The echo chamber of social media has created a hyper-sensitive environment in the world of athletics. More than ever, it is important to have every “t” crossed and every “i” dotted. It will only take one major incident to test your strength and conditioning program. Are you prepared for an investigation? A lawsuit? To be completely honest, I was not.
After an Incident – Are You Protected?
Many years ago, a spring conditioning session with a volleyball team provided me with a scary situation that is now always in the back of my mind when I condition teams. We were in the middle of the off-season, doing some on-court shuttles that the head coach had requested. They were not unreasonably hard, but they were indeed challenging. We had been doing them for several weeks, progressing volume slowly. Everybody was making the requisite times without incident.
On this day, after the second rep, one of the athletes dropped straight to the ground. She was breathing, but unconscious. She was one of the better-conditioned athletes and had never had a problem in the past. I knew immediately that I had to make the call that no coach ever wants to make: 9-1-1. She was unconscious for what seemed like an hour; in reality, it was closer to 3–4 minutes. The EMTs brought her immediately to the ER. After an overnight stay in the local hospital, the incident was blamed on a combination of low blood pressure, menstruation, and a less-than-adequate diet. Fortunately, the athlete quickly made a full recovery.

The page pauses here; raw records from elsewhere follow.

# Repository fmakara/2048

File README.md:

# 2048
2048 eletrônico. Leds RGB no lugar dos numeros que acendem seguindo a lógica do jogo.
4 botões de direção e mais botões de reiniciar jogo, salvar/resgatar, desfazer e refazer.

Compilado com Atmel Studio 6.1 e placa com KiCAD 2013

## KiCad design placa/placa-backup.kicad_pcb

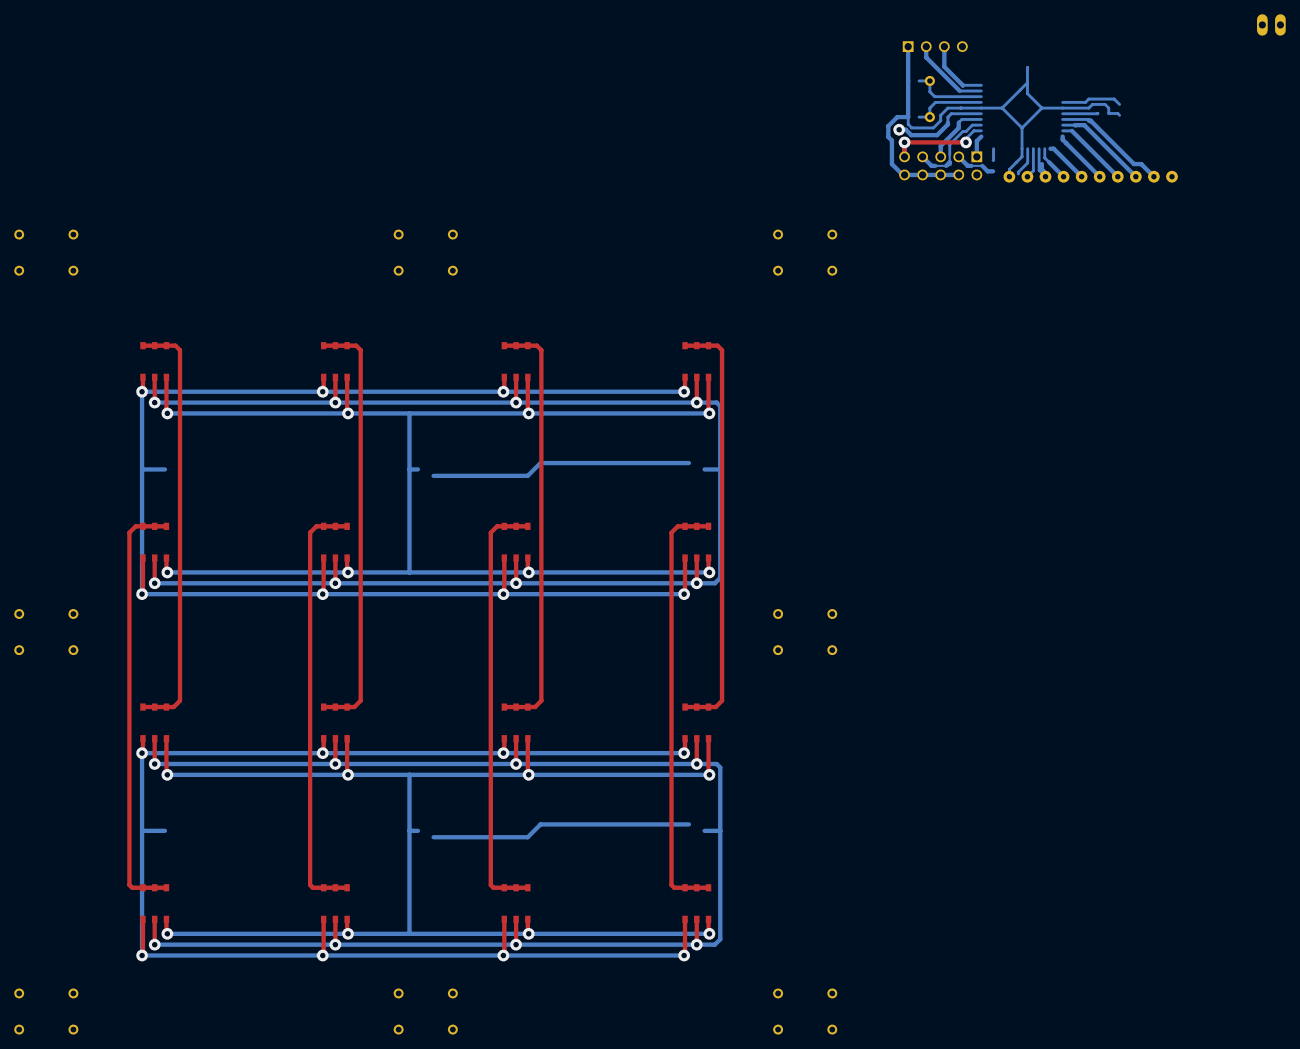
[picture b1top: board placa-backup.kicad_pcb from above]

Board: 2 copper layers, 44 parts (0 on the bottom side), 41 nets.

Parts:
C1, C2: 16p; SM0603
C3, C5, C6: 100n; SM0603
C4: 100u; SM1206POL
IC1: ATMEGA32-A; TQFP44
P1: ISP; PIN_ARRAY_5x2
P2: SERIAL; PIN_ARRAY_4x1
P3: INPUTS; CONN_10
P4: CONN_2; PINHEAD1-2
Q1, Q2, Q3, Q4, Q5, Q6: MOSFET_N; BSH103
R1: 0; SM0603
R2: 50k; SM0603
SW1, SW2, SW3, SW4, SW5, SW6, SW7, SW8: SW_PUSH; SW_PUSH_SMALL
U1, U2, U3, U4, U5, U6, U7, U8, U9, U10, U11, U12, U13, U14, U15, U16: LED3
X1: 16MHz; HC-49V

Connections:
+5V: C4.1, C5.1, C6.1, IC1.5, IC1.17, IC1.27, IC1.38, P1.2, P2.4, P3.10, P4.2, R2.2
/A_RESET: IC1.4, P1.5, R2.1
/L1: IC1.26, U2.1, U2.2, U2.3, U4.1, U4.2, U4.3
/L2: IC1.25, U6.1, U6.2, U6.3, U8.1, U8.2, U8.3
/L3: IC1.24, U10.1, U10.2, U10.3, U12.1, U12.2, U12.3
/L4: IC1.23, U14.1, U14.2, U14.3, U16.1, U16.2, U16.3
/L5: IC1.22, U1.1, U1.2, U1.3, U3.1, U3.2, U3.3
/L6: IC1.21, U5.1, U5.2, U5.3, U7.1, U7.2, U7.3
/L7: IC1.20, U9.1, U9.2, U9.3, U11.1, U11.2, U11.3
/L8: IC1.19, U13.1, U13.2, U13.3, U15.1, U15.2, U15.3
/SPI_CLK: IC1.3, P1.7
/SPI_MISO: IC1.2, P1.9
/SPI_MOSI: IC1.1, P1.1
/SPI_SS: IC1.44, R1.2
/T1: IC1.16, Q2.G
/T2: IC1.15, Q4.G
/T3: IC1.14, Q6.G
/T4: IC1.13, Q1.G
/T5: IC1.12, Q3.G
/T6: IC1.11, Q5.G
GND: C1.2, C2.2, C3.2, C4.2, C5.2, C6.2, IC1.6, IC1.18, IC1.28, IC1.39, P1.4, P1.6, P1.8, P1.10, P2.1, P3.1, P4.1, Q1.S, Q2.S, Q3.S, Q4.S, Q5.S, Q6.S, SW1.2, SW2.2, SW3.2, SW4.2, SW5.2, SW6.2, SW7.2, SW8.2
unnamed: Q1.D, U1.4, U2.4, U5.4, U6.4, U9.4, U10.4, U13.4, U14.4
unnamed: Q5.D, U1.6, U2.6, U5.6, U6.6, U9.6, U10.6, U13.6, U14.6
unnamed: Q3.D, U1.5, U2.5, U5.5, U6.5, U9.5, U10.5, U13.5, U14.5
unnamed: P1.3, R1.1
unnamed: Q2.D, U3.4, U4.4, U7.4, U8.4, U11.4, U12.4, U15.4, U16.4
unnamed: Q4.D, U3.5, U4.5, U7.5, U8.5, U11.5, U12.5, U15.5, U16.5
unnamed: IC1.10, P2.3
unnamed: IC1.37, P3.2, SW1.1
unnamed: IC1.36, P3.3, SW2.1
unnamed: IC1.35, P3.4, SW3.1
unnamed: IC1.34, P3.5, SW4.1
unnamed: IC1.33, P3.6, SW5.1
unnamed: IC1.32, P3.7, SW6.1
unnamed: IC1.31, P3.8, SW7.1
unnamed: IC1.30, P3.9, SW8.1
unnamed: IC1.9, P2.2
unnamed: C3.1, IC1.29
unnamed: C1.1, IC1.7, X1.2
unnamed: C2.1, IC1.8, X1.1
unnamed: Q6.D, U3.6, U4.6, U7.6, U8.6, U11.6, U12.6, U15.6, U16.6

That incident sticks out in my mind. For the most part, there wasn’t much that we could have done to prevent it. We followed the emergency action plan successfully, and the student-athlete was ultimately fine. But what if she hadn’t been?
There are many variables in the lives of our athletes that are completely out of our control. If they don’t manage these variables—such as hydration, sleep, diet, medications, etc.—correctly, we could potentially create a harmful, and even dangerous, stimulus for the athlete. I don’t intend to have any more ambulance visits as part of our workouts, but we all need to be prepared in case it happens. My workout written on an Excel sheet was the only documentation I had.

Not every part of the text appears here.